Inflação vai requerer esfriamento da economia
Foto: Carla Nichiata/Getty Images
A inflação de maio, acima das projeções e muito acima do teto da meta, trouxe uma preocupação adicional para o cenário de retomada. Se antes a alta do índice era interpretada como um problema pontual, e portanto passageiro, agora é vista por alguns economistas como sinalização de que a pressão sobre os preços pode se prolongar por mais tempo.
A nova perspectiva leva em consideração a mudança no componente da inflação. Nos meses anteriores, ela refletiu principalmente a alta no preço de alimentos e combustíveis, especialmente por causa da valorização do dólar e do aumento de exportações de commodities.
Em maio, no entanto, foi a energia elétrica que pressionou o IPCA (Índice Nacional de Preços ao Consumidor Amplo).As razões para o aumento são climáticas e mais persistentes.
Durante o verão, não choveu o suficiente para encher os reservatórios de importantes usinas hidrelétricas no Sudeste e no Centro Oeste. O período seco nessas regiões começou com pouca água nos reservatórios, o que exige o acionamento de muitas térmicas movidas a gás, diesel e óleo combustível, que custam mais caro e elevam o preço da energia.
Luz mais cara, além de pesar no orçamento das famílias, eleva custos de operação, que as empresas terminam por repassar para os produtos finais. Ou seja, na visão de analistas, uma espécie de efeito ‘bola de neve’ vai atuar sobre os preços nos próximos meses, pressionando de forma persistente a inflação num momento em que o poder de compra já é prejudicado pelo desemprego.
Em maio, a crise hídrica já fez a energia elétrica, na média, registrar alta de 5,37%. O item puxou a alta de 0,83% no IPCA, a maior para este mês em 25 anos.
Com o resultado, a inflação oficial chegou a 8,06% em 12 meses, mais distante do teto da meta deste ano (5,25%). Os dados foram divulgados nesta quarta-feira (9) pelo IBGE (Instituto Brasileiro de Geografia e Estatística).

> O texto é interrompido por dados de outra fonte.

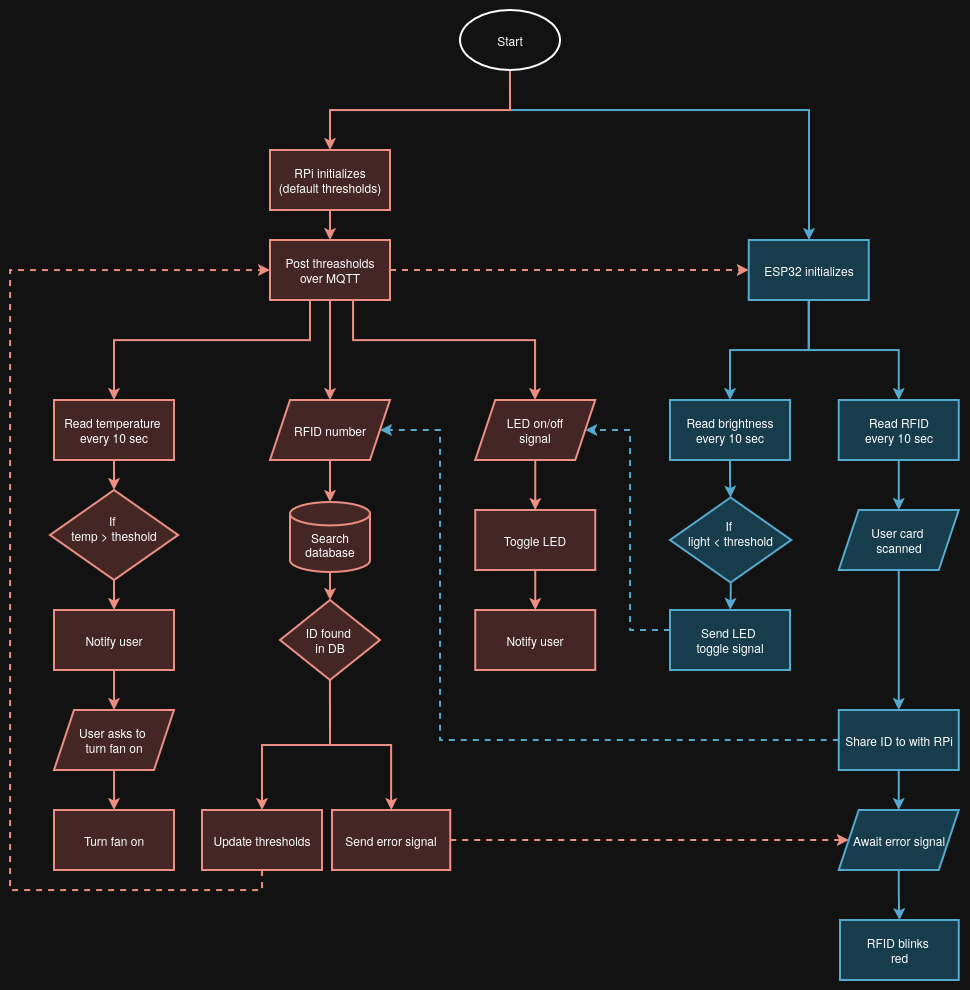

The diagram above was exported from draw.io. Its source (the exported page's mxGraphModel, read from the mxfile embedded in the PNG):
<mxGraphModel dx="2177" dy="1017" grid="1" gridSize="10" guides="1" tooltips="1" connect="1" arrows="1" fold="1" page="1" pageScale="1" pageWidth="850" pageHeight="1100" math="0" shadow="0">
  <root>
    <mxCell id="0" />
    <mxCell id="1" parent="0" />
    <mxCell id="BBwG7lZ3bHXl7-e6Up4Q-129" parent="1" style="rounded=1;whiteSpace=wrap;html=1;absoluteArcSize=1;arcSize=14;strokeWidth=2;strokeColor=none;fillColor=none;" value="" vertex="1">
      <mxGeometry height="990" width="970" x="-500" y="50" as="geometry" />
    </mxCell>
    <mxCell id="BBwG7lZ3bHXl7-e6Up4Q-117" edge="1" parent="1" source="BBwG7lZ3bHXl7-e6Up4Q-1" style="edgeStyle=orthogonalEdgeStyle;rounded=0;orthogonalLoop=1;jettySize=auto;html=1;exitX=0.5;exitY=1;exitDx=0;exitDy=0;exitPerimeter=0;strokeWidth=2;labelBackgroundColor=none;fontColor=default;fillColor=#b1ddf0;strokeColor=#10739e;" target="BBwG7lZ3bHXl7-e6Up4Q-4">
      <mxGeometry relative="1" as="geometry">
        <Array as="points">
          <mxPoint x="10" y="160" />
          <mxPoint x="309" y="160" />
        </Array>
      </mxGeometry>
    </mxCell>
    <mxCell id="BBwG7lZ3bHXl7-e6Up4Q-116" edge="1" parent="1" source="BBwG7lZ3bHXl7-e6Up4Q-1" style="edgeStyle=orthogonalEdgeStyle;rounded=0;orthogonalLoop=1;jettySize=auto;html=1;exitX=0.5;exitY=1;exitDx=0;exitDy=0;exitPerimeter=0;strokeWidth=2;labelBackgroundColor=none;fontColor=default;fillColor=#fad9d5;strokeColor=#ae4132;" target="BBwG7lZ3bHXl7-e6Up4Q-2">
      <mxGeometry relative="1" as="geometry" />
    </mxCell>
    <mxCell id="BBwG7lZ3bHXl7-e6Up4Q-1" parent="1" style="strokeWidth=2;html=1;shape=mxgraph.flowchart.start_1;whiteSpace=wrap;labelBackgroundColor=none;" value="Start" vertex="1">
      <mxGeometry height="60" width="100" x="-40" y="60" as="geometry" />
    </mxCell>
    <mxCell id="BBwG7lZ3bHXl7-e6Up4Q-76" edge="1" parent="1" source="BBwG7lZ3bHXl7-e6Up4Q-102" style="edgeStyle=orthogonalEdgeStyle;rounded=0;orthogonalLoop=1;jettySize=auto;html=1;exitX=0.388;exitY=0.987;exitDx=0;exitDy=0;exitPerimeter=0;strokeWidth=2;labelBackgroundColor=none;fontColor=default;fillColor=#fad9d5;strokeColor=#ae4132;" target="BBwG7lZ3bHXl7-e6Up4Q-23">
      <mxGeometry relative="1" as="geometry">
        <Array as="points">
          <mxPoint x="-190" y="349" />
          <mxPoint x="-190" y="390" />
          <mxPoint x="-386" y="390" />
        </Array>
      </mxGeometry>
    </mxCell>
    <mxCell id="BBwG7lZ3bHXl7-e6Up4Q-78" edge="1" parent="1" source="BBwG7lZ3bHXl7-e6Up4Q-102" style="edgeStyle=orthogonalEdgeStyle;rounded=0;orthogonalLoop=1;jettySize=auto;html=1;exitX=0.608;exitY=0.987;exitDx=0;exitDy=0;exitPerimeter=0;strokeWidth=2;labelBackgroundColor=none;fontColor=default;fillColor=#fad9d5;strokeColor=#ae4132;" target="BBwG7lZ3bHXl7-e6Up4Q-77" value="">
      <mxGeometry relative="1" as="geometry">
        <Array as="points">
          <mxPoint x="-147" y="390" />
          <mxPoint x="35" y="390" />
        </Array>
      </mxGeometry>
    </mxCell>
    <mxCell id="BBwG7lZ3bHXl7-e6Up4Q-90" edge="1" parent="1" source="BBwG7lZ3bHXl7-e6Up4Q-102" style="edgeStyle=orthogonalEdgeStyle;rounded=0;orthogonalLoop=1;jettySize=auto;html=1;strokeWidth=2;labelBackgroundColor=none;fontColor=default;fillColor=#fad9d5;strokeColor=#ae4132;" target="BBwG7lZ3bHXl7-e6Up4Q-89" value="">
      <mxGeometry relative="1" as="geometry">
        <mxPoint x="-160" y="320" as="sourcePoint" />
      </mxGeometry>
    </mxCell>
    <mxCell id="BBwG7lZ3bHXl7-e6Up4Q-103" edge="1" parent="1" source="BBwG7lZ3bHXl7-e6Up4Q-2" style="edgeStyle=orthogonalEdgeStyle;rounded=0;orthogonalLoop=1;jettySize=auto;html=1;strokeWidth=2;labelBackgroundColor=none;fontColor=default;fillColor=#fad9d5;strokeColor=#ae4132;" target="BBwG7lZ3bHXl7-e6Up4Q-102" value="">
      <mxGeometry relative="1" as="geometry" />
    </mxCell>
    <mxCell id="BBwG7lZ3bHXl7-e6Up4Q-2" parent="1" style="whiteSpace=wrap;html=1;strokeWidth=2;labelBackgroundColor=none;fillColor=#fad9d5;strokeColor=#ae4132;" value="&lt;div&gt;RPi initializes&lt;/div&gt;(default thresholds)" vertex="1">
      <mxGeometry height="60" width="120" x="-230" y="200" as="geometry" />
    </mxCell>
    <mxCell id="BBwG7lZ3bHXl7-e6Up4Q-47" edge="1" parent="1" source="BBwG7lZ3bHXl7-e6Up4Q-4" style="edgeStyle=orthogonalEdgeStyle;rounded=0;orthogonalLoop=1;jettySize=auto;html=1;strokeWidth=2;labelBackgroundColor=none;fontColor=default;fillColor=#b1ddf0;strokeColor=#10739e;" target="BBwG7lZ3bHXl7-e6Up4Q-46" value="">
      <mxGeometry relative="1" as="geometry" />
    </mxCell>
    <mxCell id="BBwG7lZ3bHXl7-e6Up4Q-49" edge="1" parent="1" source="BBwG7lZ3bHXl7-e6Up4Q-4" style="edgeStyle=orthogonalEdgeStyle;rounded=0;orthogonalLoop=1;jettySize=auto;html=1;strokeWidth=2;labelBackgroundColor=none;fontColor=default;fillColor=#b1ddf0;strokeColor=#10739e;" target="BBwG7lZ3bHXl7-e6Up4Q-48" value="">
      <mxGeometry relative="1" as="geometry" />
    </mxCell>
    <mxCell id="BBwG7lZ3bHXl7-e6Up4Q-4" parent="1" style="whiteSpace=wrap;html=1;strokeWidth=2;labelBackgroundColor=none;fillColor=#b1ddf0;strokeColor=#10739e;" value="ESP32 initializes" vertex="1">
      <mxGeometry height="60" width="120" x="248.76" y="290" as="geometry" />
    </mxCell>
    <mxCell id="BBwG7lZ3bHXl7-e6Up4Q-13" edge="1" parent="1" source="BBwG7lZ3bHXl7-e6Up4Q-23" style="edgeStyle=orthogonalEdgeStyle;rounded=0;orthogonalLoop=1;jettySize=auto;html=1;strokeWidth=2;labelBackgroundColor=none;fontColor=default;fillColor=#fad9d5;strokeColor=#ae4132;" target="BBwG7lZ3bHXl7-e6Up4Q-25" value="">
      <mxGeometry relative="1" as="geometry">
        <mxPoint x="-471.8168965517242" y="510" as="sourcePoint" />
        <mxPoint x="-471.8300000000001" y="560" as="targetPoint" />
      </mxGeometry>
    </mxCell>
    <mxCell id="BBwG7lZ3bHXl7-e6Up4Q-23" parent="1" style="whiteSpace=wrap;html=1;strokeWidth=2;labelBackgroundColor=none;fillColor=#fad9d5;strokeColor=#ae4132;" value="&lt;div&gt;Read temperature&amp;nbsp;&lt;/div&gt;&lt;div&gt;every 10 sec&lt;/div&gt;" vertex="1">
      <mxGeometry height="60" width="120" x="-445.93" y="450" as="geometry" />
    </mxCell>
    <mxCell id="BBwG7lZ3bHXl7-e6Up4Q-50" edge="1" parent="1" source="BBwG7lZ3bHXl7-e6Up4Q-25" style="edgeStyle=orthogonalEdgeStyle;rounded=0;orthogonalLoop=1;jettySize=auto;html=1;strokeWidth=2;labelBackgroundColor=none;fontColor=default;fillColor=#fad9d5;strokeColor=#ae4132;" target="BBwG7lZ3bHXl7-e6Up4Q-28" value="">
      <mxGeometry relative="1" as="geometry" />
    </mxCell>
    <mxCell id="BBwG7lZ3bHXl7-e6Up4Q-25" parent="1" style="rhombus;whiteSpace=wrap;html=1;strokeWidth=2;labelBackgroundColor=none;fillColor=#fad9d5;strokeColor=#ae4132;" value="&lt;div&gt;If&amp;nbsp;&lt;/div&gt;&lt;div&gt;temp &amp;gt; theshold&lt;/div&gt;&lt;div&gt;&lt;br&gt;&lt;/div&gt;" vertex="1">
      <mxGeometry height="90" width="128.13" x="-450" y="540" as="geometry" />
    </mxCell>
    <mxCell id="BBwG7lZ3bHXl7-e6Up4Q-43" edge="1" parent="1" source="BBwG7lZ3bHXl7-e6Up4Q-28" style="edgeStyle=orthogonalEdgeStyle;rounded=0;orthogonalLoop=1;jettySize=auto;html=1;strokeWidth=2;labelBackgroundColor=none;fontColor=default;fillColor=#fad9d5;strokeColor=#ae4132;" target="BBwG7lZ3bHXl7-e6Up4Q-42" value="">
      <mxGeometry relative="1" as="geometry" />
    </mxCell>
    <mxCell id="BBwG7lZ3bHXl7-e6Up4Q-28" parent="1" style="whiteSpace=wrap;html=1;strokeWidth=2;labelBackgroundColor=none;fillColor=#fad9d5;strokeColor=#ae4132;" value="Notify user" vertex="1">
      <mxGeometry height="60" width="120" x="-445.935" y="660" as="geometry" />
    </mxCell>
    <mxCell id="BBwG7lZ3bHXl7-e6Up4Q-45" edge="1" parent="1" source="BBwG7lZ3bHXl7-e6Up4Q-42" style="edgeStyle=orthogonalEdgeStyle;rounded=0;orthogonalLoop=1;jettySize=auto;html=1;strokeWidth=2;labelBackgroundColor=none;fontColor=default;fillColor=#fad9d5;strokeColor=#ae4132;" target="BBwG7lZ3bHXl7-e6Up4Q-44" value="">
      <mxGeometry relative="1" as="geometry" />
    </mxCell>
    <mxCell id="BBwG7lZ3bHXl7-e6Up4Q-42" parent="1" style="shape=parallelogram;perimeter=parallelogramPerimeter;whiteSpace=wrap;html=1;fixedSize=1;strokeWidth=2;labelBackgroundColor=none;fillColor=#fad9d5;strokeColor=#ae4132;" value="&lt;div&gt;User asks to&amp;nbsp;&lt;/div&gt;&lt;div&gt;turn fan on&lt;/div&gt;" vertex="1">
      <mxGeometry height="60" width="120" x="-445.935" y="760" as="geometry" />
    </mxCell>
    <mxCell id="BBwG7lZ3bHXl7-e6Up4Q-44" parent="1" style="whiteSpace=wrap;html=1;strokeWidth=2;labelBackgroundColor=none;fillColor=#fad9d5;strokeColor=#ae4132;" value="Turn fan on" vertex="1">
      <mxGeometry height="60" width="120" x="-445.925" y="860" as="geometry" />
    </mxCell>
    <mxCell id="BBwG7lZ3bHXl7-e6Up4Q-54" edge="1" parent="1" source="BBwG7lZ3bHXl7-e6Up4Q-46" style="edgeStyle=orthogonalEdgeStyle;rounded=0;orthogonalLoop=1;jettySize=auto;html=1;strokeWidth=2;labelBackgroundColor=none;fontColor=default;fillColor=#b1ddf0;strokeColor=#10739e;" target="BBwG7lZ3bHXl7-e6Up4Q-53" value="">
      <mxGeometry relative="1" as="geometry" />
    </mxCell>
    <mxCell id="BBwG7lZ3bHXl7-e6Up4Q-46" parent="1" style="whiteSpace=wrap;html=1;strokeWidth=2;labelBackgroundColor=none;fillColor=#b1ddf0;strokeColor=#10739e;" value="&lt;div&gt;Read brightness&lt;/div&gt;&lt;div&gt;every 10 sec&lt;/div&gt;" vertex="1">
      <mxGeometry height="60" width="120" x="170.01" y="450" as="geometry" />
    </mxCell>
    <mxCell id="BBwG7lZ3bHXl7-e6Up4Q-63" edge="1" parent="1" source="BBwG7lZ3bHXl7-e6Up4Q-48" style="edgeStyle=orthogonalEdgeStyle;rounded=0;orthogonalLoop=1;jettySize=auto;html=1;strokeWidth=2;labelBackgroundColor=none;fontColor=default;fillColor=#b1ddf0;strokeColor=#10739e;" target="BBwG7lZ3bHXl7-e6Up4Q-62" value="">
      <mxGeometry relative="1" as="geometry" />
    </mxCell>
    <mxCell id="BBwG7lZ3bHXl7-e6Up4Q-48" parent="1" style="whiteSpace=wrap;html=1;strokeWidth=2;labelBackgroundColor=none;fillColor=#b1ddf0;strokeColor=#10739e;" value="&lt;div&gt;Read RFID&lt;/div&gt;&lt;div&gt;every 10 sec&lt;/div&gt;" vertex="1">
      <mxGeometry height="60" width="120" x="338.76" y="450" as="geometry" />
    </mxCell>
    <mxCell id="BBwG7lZ3bHXl7-e6Up4Q-82" edge="1" parent="1" source="BBwG7lZ3bHXl7-e6Up4Q-53" style="edgeStyle=orthogonalEdgeStyle;rounded=0;orthogonalLoop=1;jettySize=auto;html=1;strokeWidth=2;labelBackgroundColor=none;fontColor=default;fillColor=#b1ddf0;strokeColor=#10739e;" target="BBwG7lZ3bHXl7-e6Up4Q-81" value="">
      <mxGeometry relative="1" as="geometry" />
    </mxCell>
    <mxCell id="BBwG7lZ3bHXl7-e6Up4Q-53" parent="1" style="rhombus;whiteSpace=wrap;html=1;strokeWidth=2;labelBackgroundColor=none;fillColor=#b1ddf0;strokeColor=#10739e;" value="&lt;div&gt;If&amp;nbsp;&lt;/div&gt;&lt;div&gt;light &amp;lt; threshold&lt;/div&gt;&lt;div&gt;&lt;br&gt;&lt;/div&gt;" vertex="1">
      <mxGeometry height="85" width="121.25" x="170.01" y="547.5" as="geometry" />
    </mxCell>
    <mxCell id="BBwG7lZ3bHXl7-e6Up4Q-79" edge="1" parent="1" source="BBwG7lZ3bHXl7-e6Up4Q-81" style="edgeStyle=orthogonalEdgeStyle;rounded=0;orthogonalLoop=1;jettySize=auto;html=1;entryX=1;entryY=0.5;entryDx=0;entryDy=0;dashed=1;strokeWidth=2;labelBackgroundColor=none;fontColor=default;fillColor=#b1ddf0;strokeColor=#10739e;" target="BBwG7lZ3bHXl7-e6Up4Q-77">
      <mxGeometry relative="1" as="geometry">
        <Array as="points">
          <mxPoint x="130" y="680" />
          <mxPoint x="130" y="480" />
        </Array>
        <mxPoint x="210.6300000000001" y="805" as="sourcePoint" />
      </mxGeometry>
    </mxCell>
    <mxCell id="BBwG7lZ3bHXl7-e6Up4Q-65" edge="1" parent="1" source="BBwG7lZ3bHXl7-e6Up4Q-62" style="edgeStyle=orthogonalEdgeStyle;rounded=0;orthogonalLoop=1;jettySize=auto;html=1;strokeWidth=2;labelBackgroundColor=none;fontColor=default;fillColor=#b1ddf0;strokeColor=#10739e;" target="BBwG7lZ3bHXl7-e6Up4Q-64" value="">
      <mxGeometry relative="1" as="geometry" />
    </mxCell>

“O preço da energia é fundamental na cadeia industrial, que já sofria com a falta de insumos na pandemia. O próprio setor de serviços, que está debilitado, vai ter pressão adicional com isso. A energia impacta uma série de atividades, inclusive bens finais”, diz o economista Gustavo Inácio de Moraes, professor da PUC-RS.
Conforme o IBGE, o segundo maior impacto na inflação de maio veio da gasolina, que avançou 2,87%. Na pandemia, combustíveis passaram a subir com o efeito do dólar em alta e a retomada das cotações de petróleo. Os alimentos também ficaram mais caros durante a crise sanitária com o reflexo da moeda americana e a valorização de commodities agrícolas.
“Temos uma inflação associada a custos. Criou-se um problema para a indústria, que tem de comprar insumos mais caros, mas vê a demanda fraca. A inflação é um desafio a mais para a retomada da economia. Com o avanço dos preços, houve necessidade de alta no juro, e temos uma crise hídrica agora”, afirma o economista André Braz, pesquisador do FGV Ibre (Instituto Brasileiro de Economia da Fundação Getulio Vargas).
Para tentar frear o IPCA, o Copom (Comitê de Política Monetária do Banco Central) subiu no começo de maio a taxa básica de juros em 0,75 ponto percentual, para 3,50% ao ano. Na ocasião, o colegiado também sinalizou nova alta na mesma magnitude em junho, para 4,25%. O Copom volta a se reunir na próxima semana.
Étore Sanchez, economista-chefe da Ativa Investimentos, ressalta que o IPCA em maio veio acima das expectativas do mercado financeiro. Segundo ele, ao reduzir o poder de compra dos consumidores, a inflação em alta pode frear a retomada da economia em 2021, mas não impedir a reação da atividade.
“A inflação pode mitigar, mas não minar a retomada”, afirma.